Here are the week’s key events:


Market watchers will be awaiting the open on Monday with some trepidation in the wake of last week’s market turmoil. Has the European banking selloff been contained; is Credit Suisse safe? These questions continue to dog markets as we look to some pretty low profile data – UK Rightmove house price data, German producer price inflation and the Buba monthly report.



Monetary policy meeting minutes from the Reserve Bank of Australia will drive the action in AUD ahead of the German ZEW economic sentiment report at the start of the European session. Canadian inflation data will be important for the loonie as traders get a feel for whether the Bank of Canada was right to pause interest rate hikes at its last meeting.
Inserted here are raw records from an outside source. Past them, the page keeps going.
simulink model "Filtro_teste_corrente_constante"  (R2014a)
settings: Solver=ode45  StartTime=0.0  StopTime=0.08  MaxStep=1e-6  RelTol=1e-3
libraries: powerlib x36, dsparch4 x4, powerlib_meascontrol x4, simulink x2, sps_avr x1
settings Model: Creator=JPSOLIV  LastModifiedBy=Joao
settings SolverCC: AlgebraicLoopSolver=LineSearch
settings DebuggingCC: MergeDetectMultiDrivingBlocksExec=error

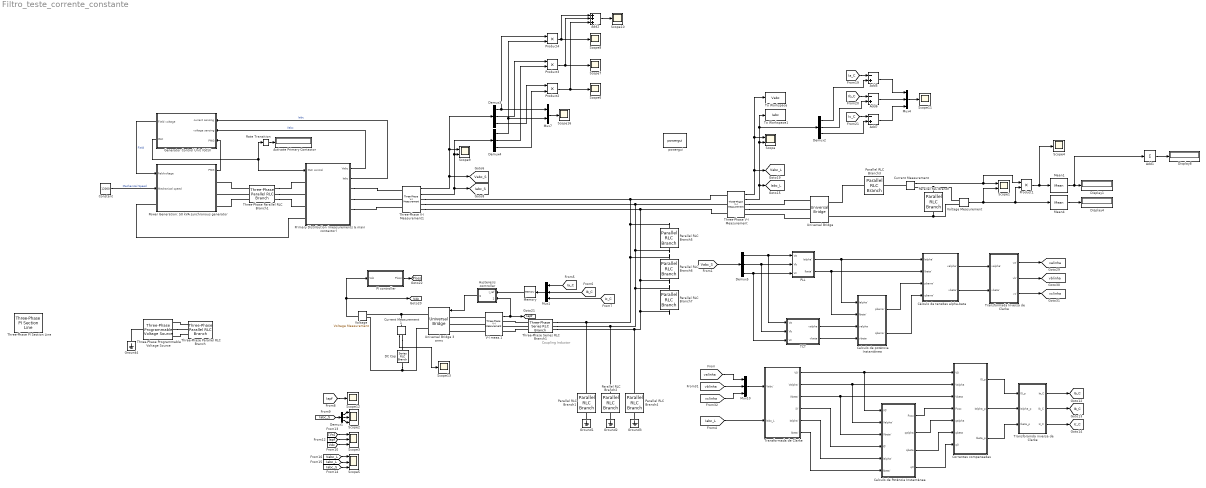
== system Filtro_teste_corrente_constante ==
  note: Coupling Inductor
  Activate Primary Contactor : Display
      settings: SampleTime=1e-2
  Add1 : Sum  Inputs=+
  Add2 : Sum  Inputs=+++
  Add5 : Sum  Inputs=-+
  Add6 : Sum  Inputs=-+
  Add7 : Sum  Inputs=-+
  Calculo de Potência Instantânea : Subsystem
  Calculo de potência Instantânea : Subsystem
  Constant : Constant  Value=12000
  Correntes compensadas : Subsystem
  Current Measurement : powerlib/Measurements/Current Measurement  PhasorSimulation=off  OutputType=Complex  PSBequivalent=0
  Current Measurement1 : powerlib/Measurements/Current Measurement  PhasorSimulation=off  OutputType=Complex  PSBequivalent=0
  Cálculo de tensões alpha-beta : Subsystem
  DC Cap : powerlib/Elements/Series RLC Branch  LConnTagsString=__new0  RConnTagsString=__new0  BranchType=C  Resistance=1  Inductance=1e-3  SetiL0=off  InitialCurrent=0  Capacitance=100e-6  Setx0=off  InitialVoltage=4000  Measurements=None
  Demux{1..5} (5 alike) : Demux  Outputs=3
  Display1 : Display
  Display4 : Display
  Display8 : Display
  Generator Control Unit (GCU) : Subsystem
      mask Display: image(imread('power_aircraft_distribution_GCU.jpg','jpg'))
  Ground{1..4} (4 alike) : powerlib/Elements/Ground  LConnTagsString=a
  Hysteresis controller : Subsystem
  Mean1 : powerlib_meascontrol/Measurements/Mean  Freq=400  Vinit=0  Ts=0
  Mean4 : powerlib_meascontrol/Measurements/Mean  Freq=400  Vinit=0  Ts=0
  Memory : Memory
  Mux1 : Mux  Inputs=3
  Mux10 : Mux  Inputs=3
  Mux4 : Mux  Inputs=3
  Mux7 : Mux  Inputs=2
  PI controller : Subsystem
  PLL : Subsystem
  Parallel RLC Branch : powerlib/Elements/Parallel RLC Branch  LConnTagsString=a  RConnTagsString=__new0  BranchType=RC  Resistance=50  Inductance=1e-3  SetiL0=off  InitialCurrent=0  Capacitance=30e-6  Setx0=off  InitialVoltage=0  Measurements=None
  Parallel RLC Branch1 : powerlib/Elements/Parallel RLC Branch  LConnTagsString=a  RConnTagsString=__new0  BranchType=RC  Resistance=10e3  Inductance=1e-3  SetiL0=off  InitialCurrent=0  Capacitance=3.9789e-08  Setx0=off  InitialVoltage=0  Measurements=None
  Parallel RLC Branch2 : powerlib/Elements/Parallel RLC Branch  LConnTagsString=a  RConnTagsString=__new0  BranchType=RC  Resistance=10e3  Inductance=1e-3  SetiL0=off  InitialCurrent=0  Capacitance=3.9789e-08  Setx0=off  InitialVoltage=0  Measurements=None
  Parallel RLC Branch3 : powerlib/Elements/Parallel RLC Branch  LConnTagsString=a  RConnTagsString=__new0  BranchType=L  Resistance=1  Inductance=10e-3  SetiL0=off  InitialCurrent=0  Capacitance=30e-6  Setx0=off  InitialVoltage=0  Measurements=None
  Parallel RLC Branch4 : powerlib/Elements/Parallel RLC Branch  LConnTagsString=a  RConnTagsString=__new0  BranchType=RC  Resistance=10e3  Inductance=1e-3  SetiL0=off  InitialCurrent=0  Capacitance=3.9789e-08  Setx0=off  InitialVoltage=0  Measurements=None
  Parallel RLC Branch5 : powerlib/Elements/Parallel RLC Branch  LConnTagsString=a  RConnTagsString=__new0  BranchType=C  Resistance=10e3  Inductance=1e-3  SetiL0=off  InitialCurrent=0  Capacitance=.1e-6  Setx0=off  InitialVoltage=0  Measurements=None
  Parallel RLC Branch6 : powerlib/Elements/Parallel RLC Branch  LConnTagsString=a  RConnTagsString=__new0  BranchType=C  Resistance=10e3  Inductance=1e-3  SetiL0=off  InitialCurrent=0  Capacitance=.1e-6  Setx0=off  InitialVoltage=0  Measurements=None
  Parallel RLC Branch7 : powerlib/Elements/Parallel RLC Branch  LConnTagsString=a  RConnTagsString=__new0  BranchType=C  Resistance=10e3  Inductance=1e-3  SetiL0=off  InitialCurrent=0  Capacitance=.1e-6  Setx0=off  InitialVoltage=0  Measurements=None
  Power Generation: 50 kVA synchronous generator : Subsystem
      mask Display: image(imread('power_aircraft_distribution_APU_Generator.jpg','jpg'))
  Primary Distribution (measurements & main contactor) : Subsystem
  Product{1..4} (4 alike) : Product
  Rate Transition : RateTransition  OutPortSampleTimeOpt=Inherit  OutPortSampleTime=Ts
  Scope : Scope  NumInputPorts=2
      settings: YMin=-200~-25  YMax=200~25
  Scope1 : Scope  NumInputPorts=2
      settings: YMin=-0.00561601~0  YMax=20~500
  Scope{4,6..8,10..13,16} (9 alike) : Scope
      Scope10 settings: YMin=-2000  YMax=16000  SaveName=ScopeData18
      Scope11 settings: YMin=-60  YMax=60  SaveName=ScopeData11
      Scope12 settings: YMin=-150  YMax=200  SaveName=ScopeData12
      Scope13 settings: YMin=-20  YMax=70  SaveName=ScopeData31
      Scope16 settings: YMin=-250  YMax=450  SaveName=ScopeData17
      Scope4 settings: YMin=0  YMax=8000  SaveName=ScopeData2
      Scope6 settings: YMin=-1000  YMax=6000  SaveName=ScopeData7
      Scope7 settings: YMin=-1000  YMax=6000  SaveName=ScopeData13
      Scope8 settings: YMin=-10000  YMax=15000  SaveName=ScopeData14
  Scope2 : Scope  NumInputPorts=3
      settings: TimeRange=0.015  YMin=-40~-40~-40  YMax=40~40~40  SaveName=Isource  MaxDataPoints=500000
  Scope3 : Scope  NumInputPorts=3
      settings: TimeRange=0.015  YMin=-1~-20~275  YMax=1~20~575  SaveName=Vs_Iapf_Vdc  MaxDataPoints=500000
  Scope5 : Scope  NumInputPorts=3
      settings: TimeRange=0.015  YMin=-200~-6~-10  YMax=200~6~10  SaveName=Vs_Iapf_Vdc1  MaxDataPoints=500000
  Scope9 : Scope  NumInputPorts=2
      settings: YMin=-175~-7  YMax=175~7  SaveName=ScopeData9
  TCT : Subsystem
  Three-Phase PI Section Line : powerlib/Elements/Three-Phase PI Section Line  LConnTagsString=a|b|c  RConnTagsString=A|B|C  Frequency=400  Resistances=[ 0.01273 0.3864]  Inductances="[ 0.9337e-3  4.1264e-3]"  Capacitances=[12.74e-9 7.751e-9]  Length=0.005
  Three-Phase Parallel RLC Branch : powerlib/Elements/Three-Phase Parallel RLC Branch  LConnTagsString=A|B|C  RConnTagsString=A|B|C  BranchType=RL  Resistance=0.0367e-3  Inductance=6e-6  Capacitance=1e-6  Measurements=None
  Three-Phase Parallel RLC Branch1 : powerlib/Elements/Three-Phase Parallel RLC Branch  LConnTagsString=A|B|C  RConnTagsString=A|B|C  BranchType=RL  Resistance=0.367  Inductance=6e-3  Capacitance=1e-6  Measurements=None
  Three-Phase Programmable Voltage Source : powerlib/Electrical Sources/Three-Phase Programmable Voltage Source  PositiveSequence="[115*sqrt(3)  0 400]"  VariationEntity=None  VariationType=Table of time-amplitude pairs  VariationTypeAlt=Step  VariationStep=0.5  VariationRate=10  VariationMagnitude=0.3  VariationFrequency=2  VariationTiming=[1 2]  VariationPhaseA=off  Amplitudes=[1 0.8 1.2 1.0]  TimeValues=[0 0.1 0.15 0.2]  HarmonicGeneration=off  HarmonicA=[3 0.2 -25 0]  HarmonicB=[2 0.15 35 2]  Timing="[0.05  3]"  BusType=swing  Pref=0  Qref=0  Qmin=-inf  Qmax=inf
  Three-Phase Series RLC Branch1 : powerlib/Elements/Three-Phase Series RLC Branch  LConnTagsString=A|B|C  RConnTagsString=A|B|C  BranchType=L  Resistance=1e9  Inductance=5e-4  Capacitance=.2e-3  Measurements=None
  Three-Phase V-I Measurement : powerlib/Measurements/Three-Phase V-I Measurement  VoltageMeasurement=phase-to-ground  SetLabelV=off  LabelV=Vabc  Vpu=off  VpuLL=off  CurrentMeasurement=yes  SetLabelI=off  LabelI=Iabc  Ipu=off  Pbase=100e6  Vbase=500e3  OutputType=Complex  PhasorSimulation=off  PSBequivalent=0
  Three-Phase V-I Measurement1 : powerlib/Measurements/Three-Phase V-I Measurement  VoltageMeasurement=phase-to-ground  SetLabelV=off  LabelV=Vabc  Vpu=off  VpuLL=off  CurrentMeasurement=yes  SetLabelI=off  LabelI=Iabc  Ipu=off  Pbase=100e6  Vbase=500e3  OutputType=Complex  PhasorSimulation=off  PSBequivalent=0
  To Workspace : ToWorkspace  VariableName=Vabc  SaveFormat=Structure With Time  SampleTime=-1
  To Workspace1 : ToWorkspace  VariableName=Iabc  SaveFormat=Structure With Time  SampleTime=-1
  Transforamda inversa de Clarke : Subsystem
  Transformada Inversa de Clarke : Subsystem
  Transformada de Clarke : Subsystem
  Universal Bridge : powerlib/Power Electronics/Universal Bridge  Arms=3  SnubberResistance=1e5  SnubberCapacitance=inf  Device=Diodes  Ron=1e-3  Lon=0  ForwardVoltages="[  0  0  ]"  ForwardVoltage=0  GTOparameters=[ 10e-6 , 20e-6 ]  IGBTparameters=[ 1e-6 , 2e-6 ]  Measurements=None  Measurements_2=None  converterType=Rectifier
  Universal Bridge 3 arms : powerlib/Power Electronics/Universal Bridge  Arms=3  SnubberResistance=10000  SnubberCapacitance=inf  Device=IGBT / Diodes  Ron=1e-4  Lon=0  ForwardVoltages="[  1  1  ]"  ForwardVoltage=.8  GTOparameters=[ 10e-6 , 20e-6 ]  IGBTparameters=[ 1e-6 , 2e-6 ]  Measurements=None  Measurements_2=None  converterType=Rectifier
  V-I meas.1 : powerlib/Measurements/Three-Phase V-I Measurement  VoltageMeasurement=phase-to-phase  SetLabelV=on  LabelV=Vnm  Vpu=off  VpuLL=off  CurrentMeasurement=yes  SetLabelI=off  LabelI=Iabc  Ipu=off  Pbase=100e6  Vbase=500e3  OutputType=Complex  PhasorSimulation=off  PSBequivalent=0
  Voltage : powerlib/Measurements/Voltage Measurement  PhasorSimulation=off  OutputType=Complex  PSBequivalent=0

Speaking after the BoC left its benchmark rate at 4.50%, Senior Deputy Governor Carolyn Rogers said: “It’s a conditional pause, though. If economic developments unfold as we projected and inflation comes down as quickly as we forecast in the January Monetary Policy Report (MPR), then we shouldn’t need to raise rates further.”

Earnings: Nike (NKE)



Fed Day: The Federal Reserve faces a dilemma – raise rates by 50bps, 25bps, pause, or even cut. Financial stability has come under pressure with bank failures in the US, but inflation remains too high, leaving the FOMC with a big call to make. Markets favour a smaller 25bps hike to signal calm, but Jay Powell will face a tough line of questioning whatever the Fed opts to do. We saw last year how the Bank of England was able to deliver emergency stimulus to prevent financial instability without disrupting its longer-term monetary policy goals.



The Swiss National Bank (SNB) interest rate decision will be overshadowed by Credit Suisse news, so it’s the Bank of England that could provide some interest. The UK Chancellor last week said inflation would be back down to 2.9% by the end of the year, which coupled with the recent turmoil in financial markets, might be enough to persuade the Monetary Policy Committee to pause rate hikes.

Earnings: General Mills (GIS)



The week rounds out with a batch of economic data. GfK consumer confidence in the UK is first up before retail sales figures are released. In Europe the latest flash manufacturing and services PMIs are expected to show some improvement. US and UK PMIs are also due, as is the latest round of US retail sales and durable goods orders.